Eight telescopes on four continents and Hawaii collaborated for five nights to take the first ever photo of the black hole located in the middle of The Milky Way.
Project ‘Event Horizon Telescope’ (EHT) is a collaboration between more than 30 universities and research institutes. They directed eight radio telescopes in North and South America, Europe, Hawaii and Antarctica towards the center of Miky Way for five nights in April.
Some 50 astronomers from around the world used high-frequency radio telescopes on four continents: The ALMA and the Atacama Pathfinder Experiment in Chile; the Large Millimeter Telescope in Mexico; the Submillimeter Telescope in Arizona; the Submillimeter Array and the James Clerk Maxwell Telescope in Hawaii; the IRAM 30-meter telescope on Pico Veleta in Spain. A crew wintering over in Antarctica, whom EHT astronomers trained months earlier, would operate the South Pole Telescope.

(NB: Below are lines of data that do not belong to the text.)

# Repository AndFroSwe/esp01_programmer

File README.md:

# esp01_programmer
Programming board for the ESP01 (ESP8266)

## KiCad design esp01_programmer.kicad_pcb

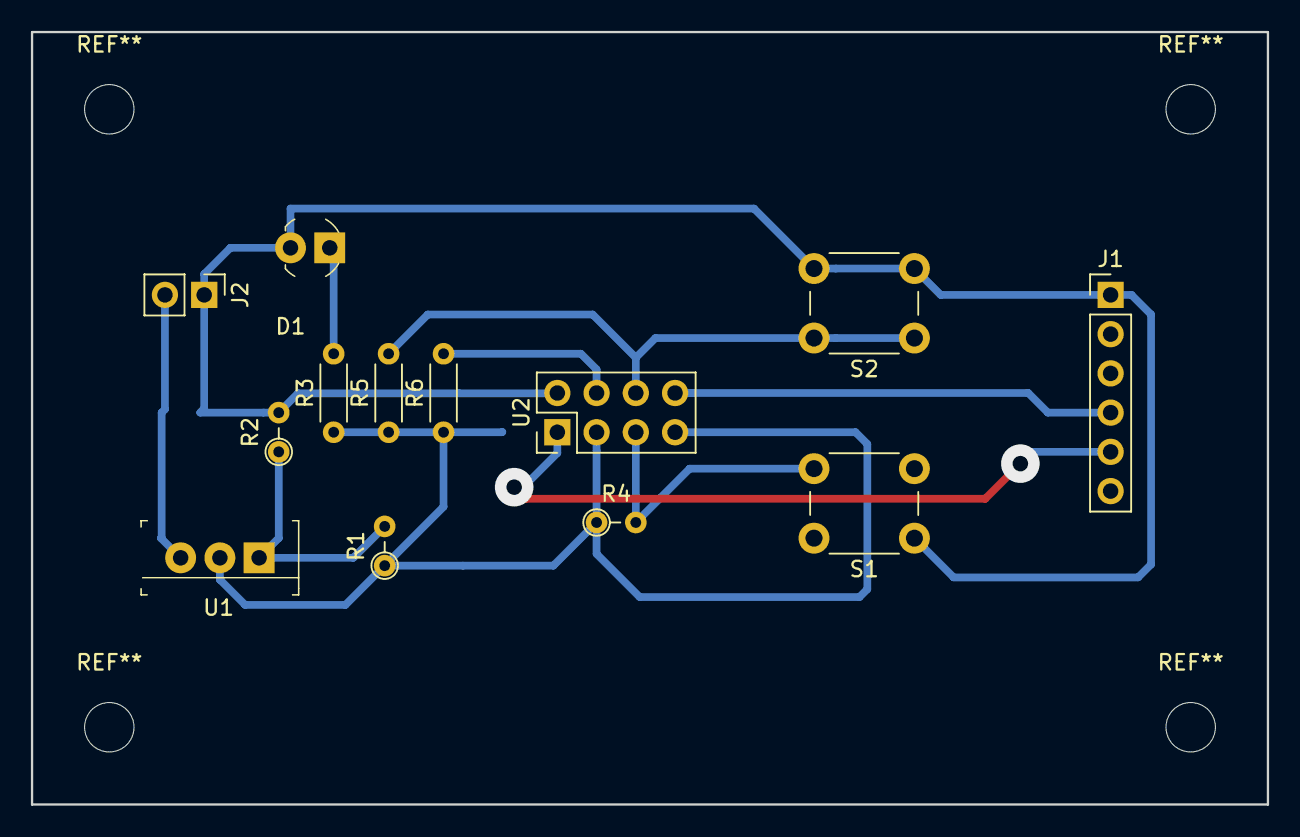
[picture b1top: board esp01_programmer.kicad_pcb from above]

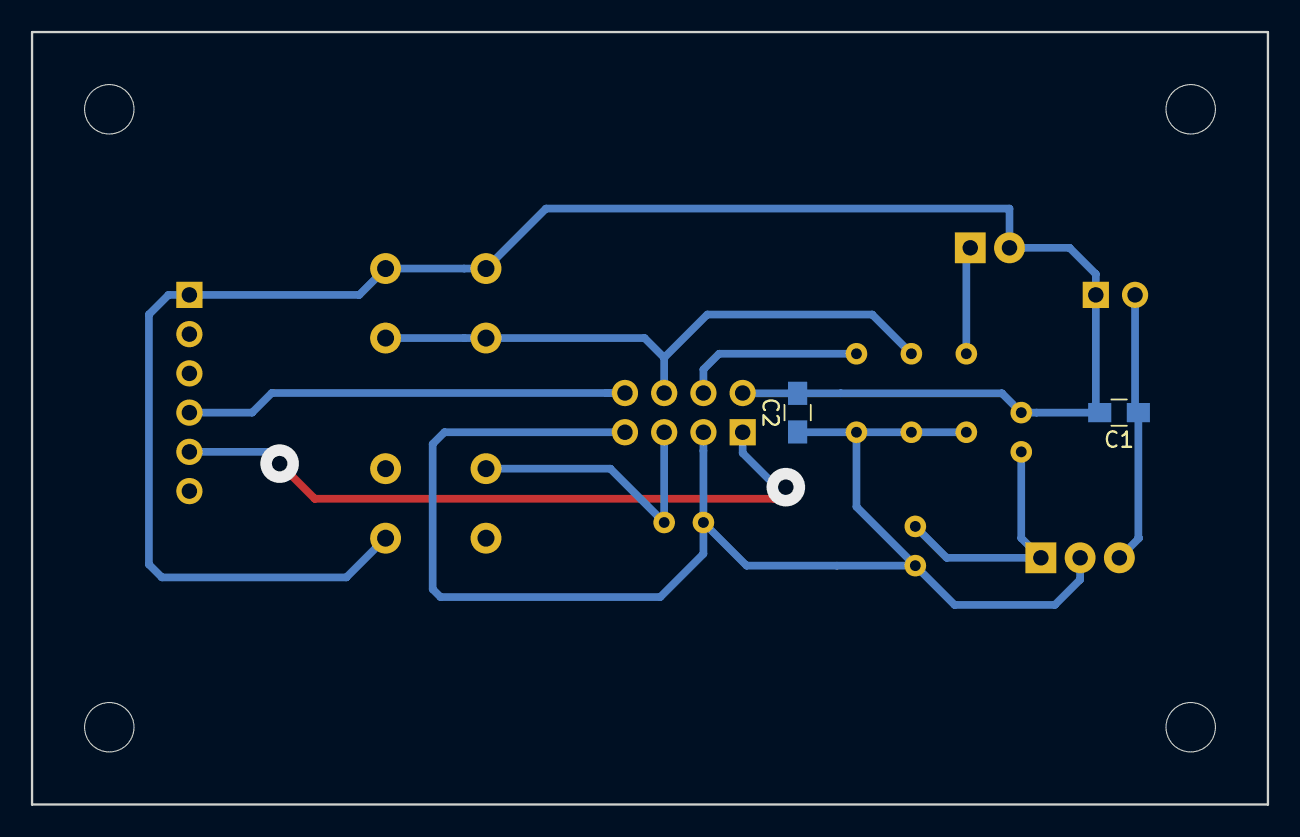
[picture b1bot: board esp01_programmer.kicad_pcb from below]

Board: 2 copper layers, 80.0 x 50.0 mm, 15 parts (2 on the bottom side), 10 nets.

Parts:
C1: 0.1 uF; C_0805_HandSoldering
C2: 220uF; C_0805_HandSoldering
D1: 151033RS03000; LED_3mm_Radial
J1: Conn_01x06_Female; Pin_Header_Straight_1x06_Pitch2.54mm
J2: Conn_01x02_Female; Pin_Header_Straight_1x02_Pitch2.54mm
R1: 240; R_Axial_DIN0204_L3.6mm_D1.6mm_P2.54mm_Vertical
R2: 400; R_Axial_DIN0204_L3.6mm_D1.6mm_P2.54mm_Vertical
R3: 60; R_Axial_DIN0204_L3.6mm_D1.6mm_P5.08mm_Horizontal
R4: 10k; R_Axial_DIN0204_L3.6mm_D1.6mm_P2.54mm_Vertical
R5, R6: 10k; R_Axial_DIN0204_L3.6mm_D1.6mm_P5.08mm_Horizontal
S1, S2: GPTS203211B; SW_PUSH_6mm_h4.3mm
U1: LM317T; TO-220-3
U2: ESP-01v090; Pin_Header_Straight_2x04_Pitch2.54mm

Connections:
+3V3: C2.1, R1.1, R3.1, R4.1, R5.1, R6.1, U1.2, U2.3, U2.7
/FTDI_RX: J1.5, U2.1
/FTDI_TX: J1.4, U2.8
GND: C1.2, C2.2, D1.2, J1.1, J2.1, R2.2, S1.1, S2.2, U2.2
unnamed: D1.1, R3.2
unnamed: R1.2, R2.1, U1.1
unnamed: R4.2, S1.2, U2.5
unnamed: R5.2, S2.1, U2.6
unnamed: R6.2, U2.4
VCC: C1.1, J2.2, U1.3

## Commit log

2018-09-30 Initial commit, have pcb and case
2018-09-30 Made export edits to case

The larger the telescope mirrors, the higher the resolution. Project EHT eight telescopes used in together form a mirror that is as big as the Earth.
“Instead of building a telescope so big that it would probably collapse under its own weight, we combined eight observatories like the pieces of a giant mirror,” “This gave us a virtual telescope as big as Earth — about 10,000 kilometers (6,200 miles) is diameter,”
– Michael Bremer told AFP.
Bremer is an astronomer at the International Research Institute for Radio Astronomy (IRAM) and a project manager for the Event Horizon Telescope.
The event horizon is the “points of no return” border around a black hole. Everything that passes the event horizon will fall and never return. A black hole has such strong pulling power that even light cannot escape.
The British astronomer Stephen Hawking has famously compared crossing this boundary to going over Niagra Falls in a canoe: if you are above the falls, it is still possible to escape if you paddle hard enough.
Once you tip over the edge, however, there’s no going back.
The event horizon constitutes a boundary in spacetime beyond which events cannot affect an outside observer. Therefore, it’s impossible to see beyond the event horizon or what’s inside the black hole. But it is possible to observe the near vicinity of the black hole, what the astronomers call the black hole shadow.
Shadow of Sagittarius A
This shadow is not dark, however. When black holes feed, they toss the food around, a lot. As gas, dust and cosmic material approach a black hole, it heats up millions and millions of degrees. They also bend the entire space around them and since their gravity is so strong, it acts as a lens.
The black hole found in the middle of the Milky Way, Sagittarius A, is 26,000 light years away, weigh about four million times more than the sun. But the event horizon has a radius that is only about half the distance between the sun and the planet Mercury.
The raw data are now being shipped on physical hard drives to EHT’s two supercomputers, at the Massachusetts Institute of Technology, MIT, in Boston, USA, and the Max Planck Institute for Radioastronomy in Bonn, Germany. These computers will combine the observational data to get a picture of the black hole’s shadow. A process that might take several months according to the researchers.
Proving Einstein right
Everything we know about black holes comes from the general theory of relativity, that Albert Einstein formulated more than 100 years ago. The Event Horizon project will make it possible to investigate a black hole closer and take a first picture of the shadow of a black hole.
According to research team member Heino Falcke from Radboud University in Nijmegen in the Netherlands, even if the first images are grainy and washed out, it still allows astronomers to test some basic predictions of Einstein’s theory of gravity near a black hole for the first time.
Discrepancies may be found between the theory and actual observation or, if there are no discrepancies relativity may be confirmed.